Heine borel theorem on the complex plane I'm trying to understand this proof of the Heine-Borel theorem on the complex plane. I'm reading Lang's Complex Analysis (page 22):
 
I didn't understand the converse. Why there is a convergent subsequence $\{z_{n_1}\}$? Why there is a convergent sub-subsequence $\{z_{n_2}\}$? Why $a+ ib\in S$?
Thanks
 A: $\{x_n\}$ is a bounded real sequence, so by the real Heine-Borel theorem it has a convergent subsequence $\{x_{n_1}\}$. Then look just at the corresponding complex sequence $\{z_{n_1}\}$. It isn't convergent, but its real part $\{x_{n_1}\}$ is convergent and its imaginary part $\{y_{n_1}\}$ is still bounded. So use real Heine-Borel again and get a subsequence $\{z_{n_2}\}$ of the subsequence $\{z_{n_1}\}$, and now we see that the real and imaginary parts of $\{z_{n_2}\}$ both converge.
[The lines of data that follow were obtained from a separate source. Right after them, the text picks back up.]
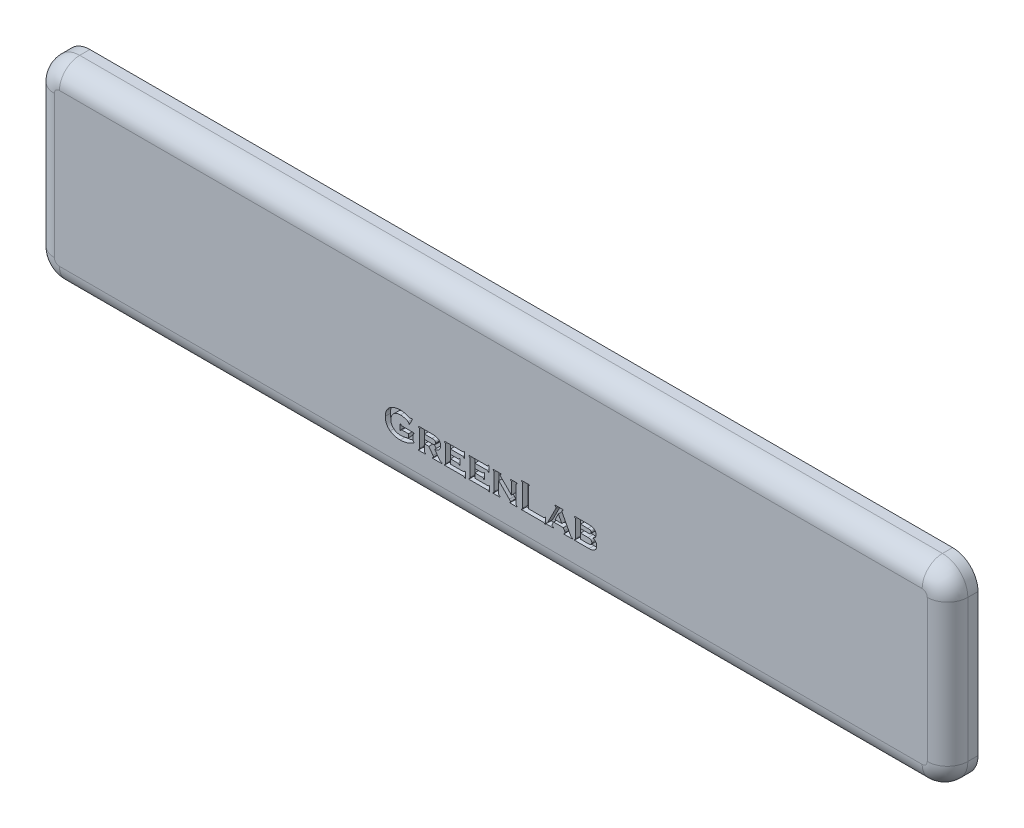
from build123d import *

# Parameters (mm, degrees)
SKETCH1_W           = 90
SKETCH1_H           = 19
BOSS_EXTRUDE1_DEPTH = 3
FILLET1_R           = 2.5
FILLET2_R           = 2
CUT_EXTRUDE1_DEPTH  = 0.5


with BuildPart() as part:
    # Sketch1 → Boss-Extrude1 (new body)
    with BuildSketch(Plane.XY.offset(3)):
        with Locations((11, 0)):
            Rectangle(SKETCH1_W, SKETCH1_H)
    extrude(amount=-BOSS_EXTRUDE1_DEPTH)

    # Fillet1
    fillet1_edges = [part.edges().sort_by_distance(p)[0] for p in [
        (-34, 9.5, 1.5),
        (56, 9.5, 1.5),
        (56, -9.5, 1.5),
        (-34, -9.5, 1.5),
    ]]
    fillet(fillet1_edges, radius=FILLET1_R)

    # Fillet2
    fillet2_edges = [part.edges().sort_by_distance(p)[0] for p in [
        (56, 0, 3),
        (-34, 0, 3),
        (11, -9.5, 3),
        (11, 9.5, 3),
        (-33.267766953, -8.767766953, 3),
        (-33.267766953, 8.767766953, 3),
        (55.267766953, -8.767766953, 3),
        (55.267766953, 8.767766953, 3),
    ]]
    fillet(fillet2_edges, radius=FILLET2_R)

    # Sketch2 → Cut-Extrude1 (cut)
    # profile 1 of 8: a face of its own
    with BuildSketch(Plane.XY.offset(3)):
        with BuildLine():
            Line((2.892361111, -4.597222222), (2.263020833, -4.597222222))
            add(Edge.make_bspline(
                [(2.263020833, -4.597222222), (2.253980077, -4.597634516), (2.236897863, -4.59841353), (2.212652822, -4.60149615), (2.192508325, -4.609463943), (2.175040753, -4.619292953), (2.161109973, -4.63393915), (2.148530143, -4.652230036), (2.137222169, -4.675071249), (2.13150657, -4.692262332), (2.128472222, -4.701388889)],
                knots=[0, 0, 0, 0, 1.161951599, 2.195469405, 3.113157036, 3.92473158, 4.744880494, 5.677977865, 6.767264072, 8, 8, 8, 8], degree=3))
            Line((2.128472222, -4.701388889), (2.059027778, -4.701388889))
            Line((2.059027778, -4.701388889), (2.059027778, -4.145833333))
            Line((2.059027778, -4.145833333), (2.128472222, -4.145833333))
            add(Edge.make_bspline(
                [(2.128472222, -4.145833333), (2.131455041, -4.155168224), (2.13702767, -4.172608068), (2.148829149, -4.195397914), (2.16035132, -4.21444602), (2.174333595, -4.228851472), (2.191430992, -4.238338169), (2.211127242, -4.24558164), (2.234709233, -4.248858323), (2.25144255, -4.249604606), (2.26030816, -4.25)],
                knots=[0, 0, 0, 0, 1.267174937, 2.367390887, 3.316236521, 4.144614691, 4.932227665, 5.829021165, 6.8497767, 8, 8, 8, 8], degree=3))
            Line((2.26030816, -4.25), (3.447916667, -4.25))
            Line((3.447916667, -4.25), (3.447916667, -4.319444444))
            add(Edge.make_bspline(
                [(3.447916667, -4.319444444), (3.438958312, -4.322276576), (3.422120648, -4.327599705), (3.399742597, -4.338767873), (3.381037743, -4.350221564), (3.366701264, -4.363946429), (3.355806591, -4.379700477), (3.349088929, -4.39859326), (3.344582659, -4.420325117), (3.344040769, -4.435880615), (3.34375, -4.444227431)],
                knots=[0, 0, 0, 0, 1.261989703, 2.371971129, 3.357346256, 4.200586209, 5.023932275, 5.909634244, 6.878345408, 8, 8, 8, 8], degree=3))
            Line((3.34375, -4.444227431), (3.34375, -4.923828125))
            add(Edge.make_bspline(
                [(3.34375, -4.923828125), (3.344110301, -4.932161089), (3.344780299, -4.947656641), (3.348455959, -4.969691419), (3.355267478, -4.988581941), (3.365562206, -5.004788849), (3.379855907, -5.01839035), (3.398945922, -5.029314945), (3.421581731, -5.040471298), (3.438775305, -5.045785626), (3.447916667, -5.048611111)],
                knots=[0, 0, 0, 0, 1.116533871, 2.076248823, 2.980572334, 3.786808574, 4.626198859, 5.59413096, 6.720864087, 8, 8, 8, 8], degree=3))
            Line((3.447916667, -5.048611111), (3.447916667, -5.118055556))
            add(Edge.make_bspline(
                [(3.447916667, -5.118055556), (3.389333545, -5.151306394), (3.274179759, -5.216665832), (3.097911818, -5.301148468), (2.9231664, -5.373083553), (2.749782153, -5.431933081), (2.577820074, -5.47792273), (2.407208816, -5.51040836), (2.237842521, -5.530912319), (2.125273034, -5.533457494), (2.069335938, -5.534722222)],
                knots=[0, 0, 0, 0, 1.109239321, 2.180373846, 3.216973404, 4.220153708, 5.194106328, 6.146335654, 7.078892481, 8, 8, 8, 8], degree=3))
            add(Edge.make_bspline(
                [(2.069335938, -5.534722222), (2.019929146, -5.533992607), (1.923451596, -5.532567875), (1.782287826, -5.51841923), (1.647967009, -5.496781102), (1.520801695, -5.464926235), (1.399922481, -5.425751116), (1.286620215, -5.37610841), (1.179736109, -5.318197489), (1.114070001, -5.272231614), (1.081380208, -5.249348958)],
                knots=[0, 0, 0, 0, 1.133031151, 2.212490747, 3.251195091, 4.25132316, 5.216867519, 6.162529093, 7.085273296, 8, 8, 8, 8], degree=3))
            add(Edge.make_bspline(
                [(1.081380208, -5.249348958), (1.061875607, -5.234168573), (1.023156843, -5.204033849), (0.968372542, -5.155928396), (0.917838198, -5.105026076), (0.870449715, -5.052718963), (0.82740661, -4.997401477), (0.788026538, -4.940094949), (0.751828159, -4.880940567), (0.720575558, -4.819179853), (0.69202152, -4.755624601), (0.667821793, -4.689559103), (0.647270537, -4.621389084), (0.629525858, -4.551271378), (0.616815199, -4.478693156), (0.607739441, -4.403891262), (0.601320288, -4.327151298), (0.600904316, -4.275150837), (0.600694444, -4.248914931)],
                knots=[0, 0, 0, 0, 1.027594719, 2.039887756, 3.02889878, 4.008719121, 4.97294883, 5.940778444, 6.898978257, 7.854104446, 8.816896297, 9.794723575, 10.777166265, 11.776613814, 12.800294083, 13.838400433, 14.909403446, 16, 16, 16, 16], degree=3))
            add(Edge.make_bspline(
                [(0.600694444, -4.248914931), (0.601836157, -4.200375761), (0.604066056, -4.105573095), (0.624688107, -3.9671466), (0.658277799, -3.83638671), (0.704809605, -3.712858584), (0.765875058, -3.597529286), (0.839325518, -3.489470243), (0.926804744, -3.389056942), (0.994039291, -3.330025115), (1.028211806, -3.300021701)],
                knots=[0, 0, 0, 0, 1.080618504, 2.110574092, 3.109061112, 4.08310081, 5.043468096, 6.008781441, 6.987946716, 8, 8, 8, 8], degree=3))
            add(Edge.make_bspline(
                [(1.028211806, -3.300021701), (1.062730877, -3.272989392), (1.132080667, -3.218680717), (1.247213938, -3.151429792), (1.369864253, -3.093483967), (1.501041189, -3.046312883), (1.640572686, -3.010151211), (1.788247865, -2.984311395), (1.944201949, -2.968332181), (2.051031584, -2.96631154), (2.105685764, -2.965277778)],
                knots=[0, 0, 0, 0, 0.913103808, 1.834451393, 2.772129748, 3.738097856, 4.735733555, 5.773315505, 6.860825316, 8, 8, 8, 8], degree=3))
            add(Edge.make_bspline(
                [(2.105685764, -2.965277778), (2.140778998, -2.965887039), (2.209950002, -2.967087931), (2.312133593, -2.973951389), (2.411161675, -2.986602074), (2.508994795, -3.004165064), (2.608495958, -3.028101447), (2.713103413, -3.058190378), (2.824018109, -3.095032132), (2.899514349, -3.123601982), (2.938476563, -3.138346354)],
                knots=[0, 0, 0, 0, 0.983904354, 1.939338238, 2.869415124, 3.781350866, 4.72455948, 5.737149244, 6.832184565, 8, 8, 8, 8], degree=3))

A: Here is how to prove that $c:=a+ib\in S$. Suppose $c\not\in S$. Since $S$ is closed, $\mathbb C\backslash S$ is open. Thus, there exists an $\varepsilon>0$ such that $B(c,\varepsilon)\subseteq \mathbb C\backslash S$. On the other hand, since $|z_{n_2}-c|\to0$, we have $|z_{n_2}-c|<\varepsilon$ for all sufficiently large $n_2\in\mathbb Z_{\ge1}$. This contradiction shows that $c\in S$.

Disclaimer: this proof is modelled after the one found at Lokenath Debnath, Piotr Mikusinski - Introduction to Hilbert spaces with applications, pp. 16.